Only Play What’s on the Page
    The adjudicators listening to the performance only want to hear the music contained in the actual etude. Students should not audibly count rests or loudly tap feet during rests. The shoes a student wears can affect the performance. Hard-soled shoes will make foot-tapping easy to hear during rests and will add extra sounds to the performance.
    This also applies to transitions between small hand-held instruments like triangle and tambourine. There should be no additional sounds are made as an instrument is picked up or set down. A small hand towel on a flattened music stand will muffle the transition between these instruments.

Leaving the Performance Room
    Once your performance is complete, students should quickly gather up their belongings and thank the room monitor as the exit. It is worth taking the time to practice the exit as students did entering the room. Every aspect of the performance should be as professional as possible; this includes entering, setting up, and exiting the room.
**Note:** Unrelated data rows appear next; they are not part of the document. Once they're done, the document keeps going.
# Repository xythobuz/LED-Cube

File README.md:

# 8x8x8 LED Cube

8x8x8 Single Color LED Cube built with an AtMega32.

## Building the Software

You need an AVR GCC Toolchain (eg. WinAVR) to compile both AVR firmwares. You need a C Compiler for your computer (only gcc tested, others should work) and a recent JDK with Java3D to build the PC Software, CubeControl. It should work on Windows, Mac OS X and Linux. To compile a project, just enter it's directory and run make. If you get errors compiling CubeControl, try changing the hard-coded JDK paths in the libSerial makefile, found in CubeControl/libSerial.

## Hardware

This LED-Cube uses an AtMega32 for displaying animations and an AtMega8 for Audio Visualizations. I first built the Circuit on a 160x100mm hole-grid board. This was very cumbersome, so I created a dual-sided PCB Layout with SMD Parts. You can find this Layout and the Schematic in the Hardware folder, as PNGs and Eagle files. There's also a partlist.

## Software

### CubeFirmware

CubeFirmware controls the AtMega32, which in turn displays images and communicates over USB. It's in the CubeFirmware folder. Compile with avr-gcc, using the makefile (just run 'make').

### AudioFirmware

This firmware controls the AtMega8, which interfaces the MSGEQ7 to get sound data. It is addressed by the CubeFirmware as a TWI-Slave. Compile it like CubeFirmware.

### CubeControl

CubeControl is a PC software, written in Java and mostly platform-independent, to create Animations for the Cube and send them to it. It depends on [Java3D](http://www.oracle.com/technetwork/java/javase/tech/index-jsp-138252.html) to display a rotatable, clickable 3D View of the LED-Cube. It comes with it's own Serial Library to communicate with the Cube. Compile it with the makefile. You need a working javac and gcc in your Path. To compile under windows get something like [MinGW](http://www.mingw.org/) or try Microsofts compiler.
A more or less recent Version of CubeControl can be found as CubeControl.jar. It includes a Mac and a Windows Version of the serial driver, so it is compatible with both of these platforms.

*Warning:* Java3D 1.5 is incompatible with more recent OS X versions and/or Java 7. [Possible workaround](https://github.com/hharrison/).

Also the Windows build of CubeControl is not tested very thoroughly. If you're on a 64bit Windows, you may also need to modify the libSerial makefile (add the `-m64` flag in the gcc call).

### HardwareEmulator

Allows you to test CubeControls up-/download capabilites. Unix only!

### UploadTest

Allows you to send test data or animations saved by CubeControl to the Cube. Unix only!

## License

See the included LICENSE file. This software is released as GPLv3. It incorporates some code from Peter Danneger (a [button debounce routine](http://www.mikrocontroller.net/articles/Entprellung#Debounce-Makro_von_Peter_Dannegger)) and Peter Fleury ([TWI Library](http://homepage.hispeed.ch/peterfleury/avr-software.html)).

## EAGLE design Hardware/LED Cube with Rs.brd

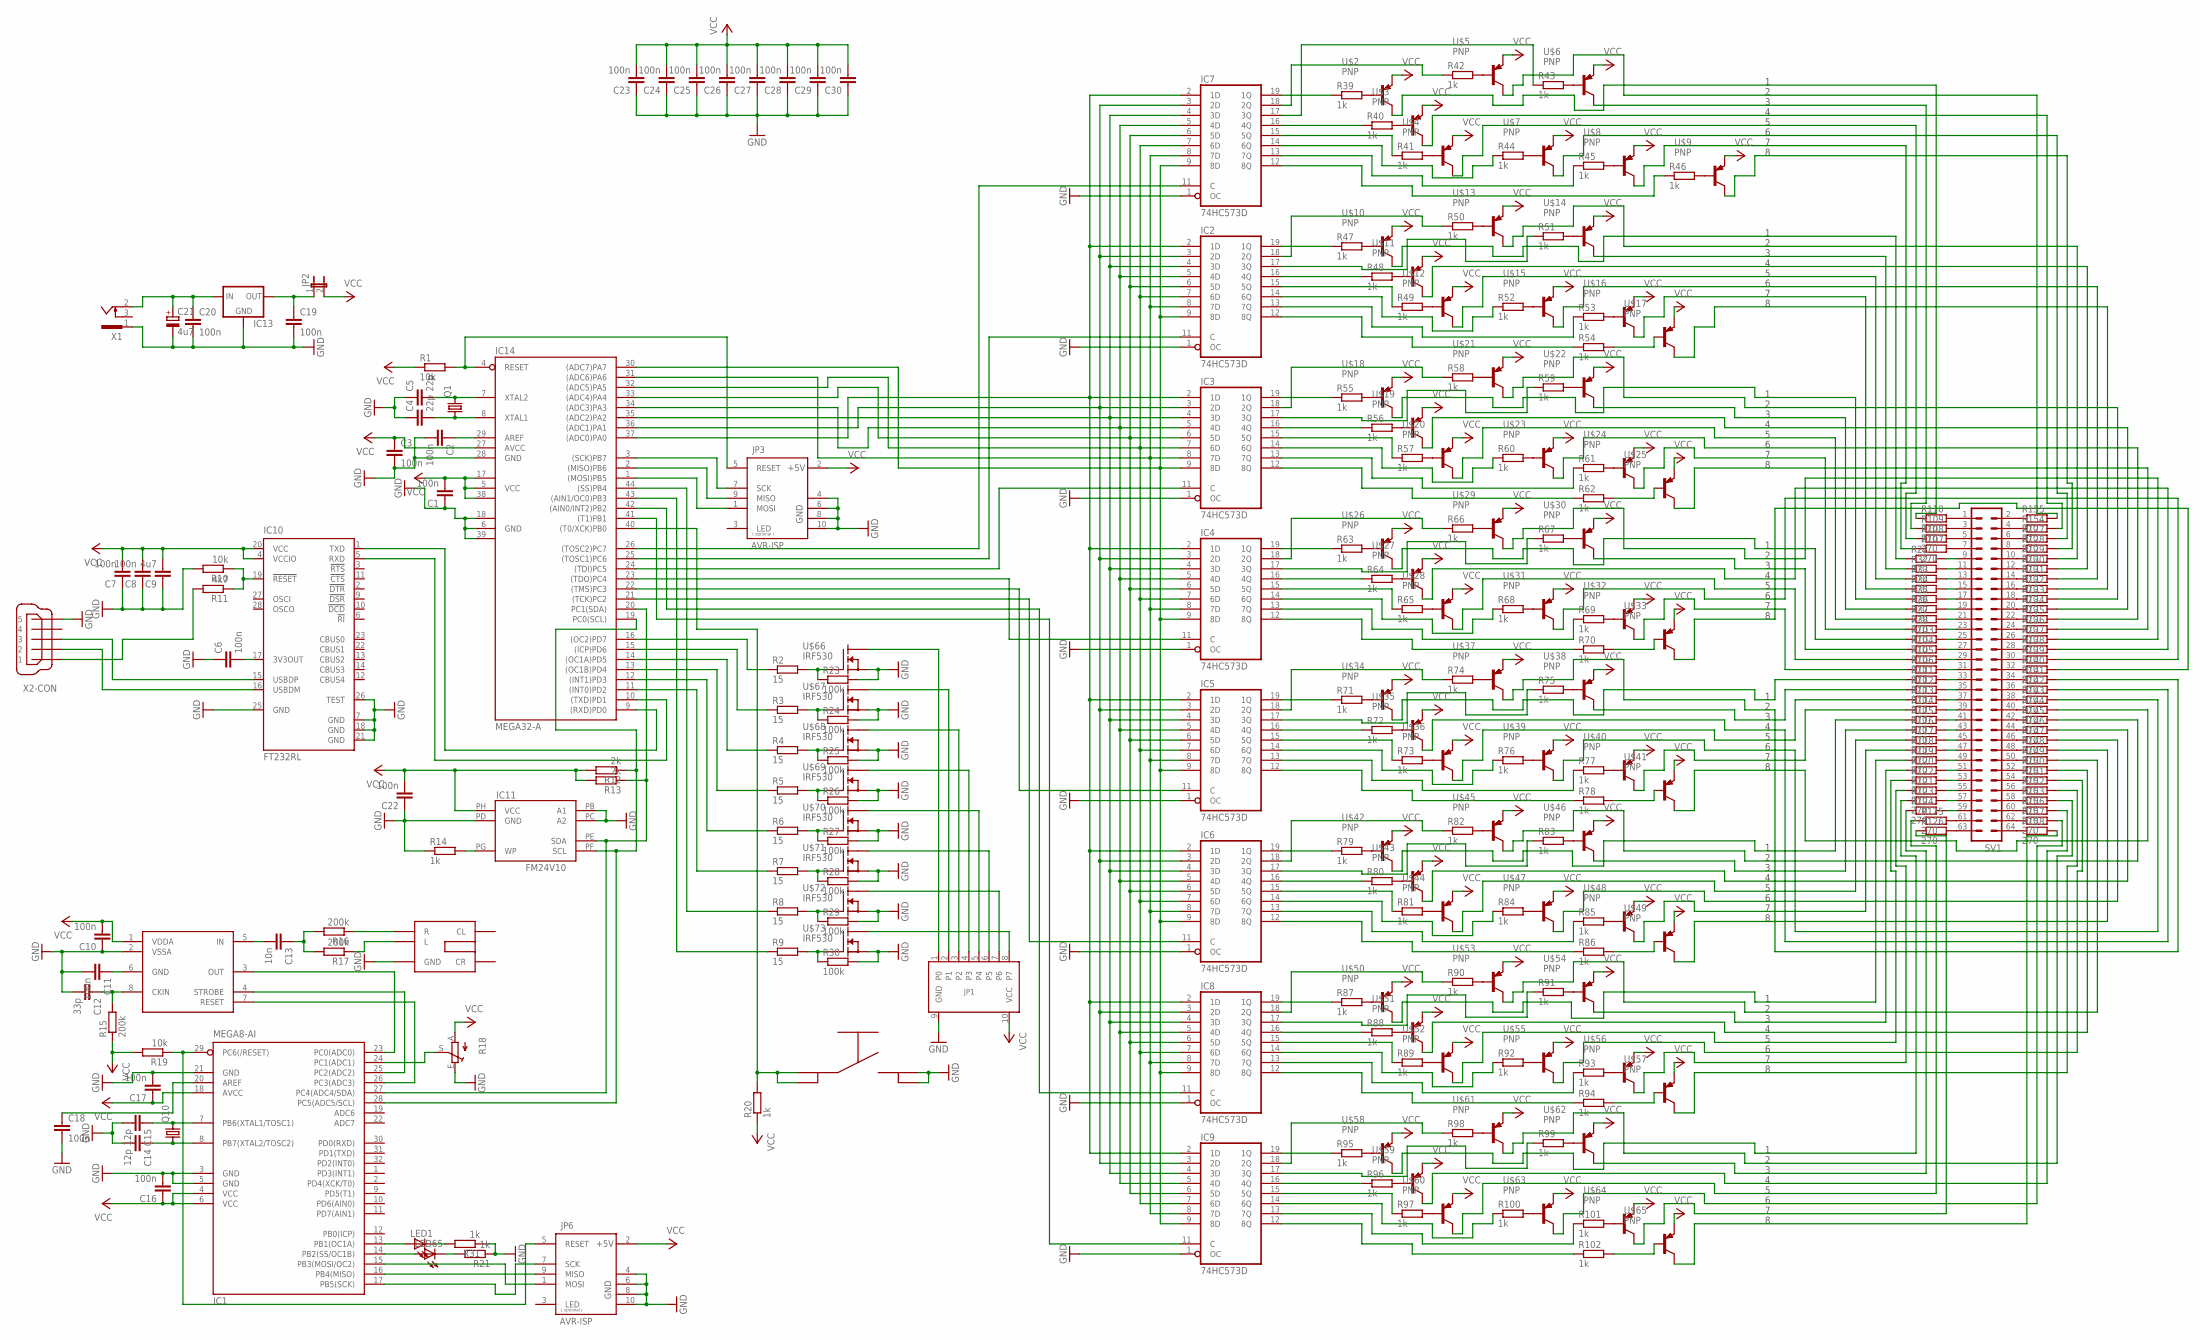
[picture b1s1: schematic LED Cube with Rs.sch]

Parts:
C1, C2, C3, C6, C7, C8, C10, C11, C16, C17, C18, C19, C20, C22, C23, C24, C25, C26, C27, C28, C29, C30: 100n; C0603
C4, C5: 22p; C0603
C9: 4u7; C0603
C12: 33p; C0603
C13: 10n; C0603
C14, C15: 12p; C0603
C21: 4u7; TAP5-80
IC1: MEGA8-AI; TQFP32-08
IC2, IC3, IC4, IC5, IC6, IC7, IC8, IC9: 74HC573D; SO20W
IC10: FT232RL; SSOP28
IC11: FM24V10; SOIC8
IC12: MSGEQ7; DIP8
IC13: 78XXS
IC14: MEGA32-A; TQFP44
JP1: PORT; ML10
JP2: JP1E; JP1
JP3, JP6: AVR-ISP; ML10
LED1, LED65: LEDCHIPLED_0603; CHIPLED_0603
Q1, Q10: CRYSTALHC49S; HC49/S
R1, R10, R19: 10k; R0603
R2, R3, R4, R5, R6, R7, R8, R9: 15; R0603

Percussionists who focus on these details separate themselves from those who do not. A musical performance is all about the details.

    Auditions and solo performances are intense and stressful activities. If students take time to prepare for logistics of the performance prior to the actual event, they can dramatically lower your stress levels on the big day. Students are far more likely to have a successful performance if they can manage stress to allow them to perform at their best.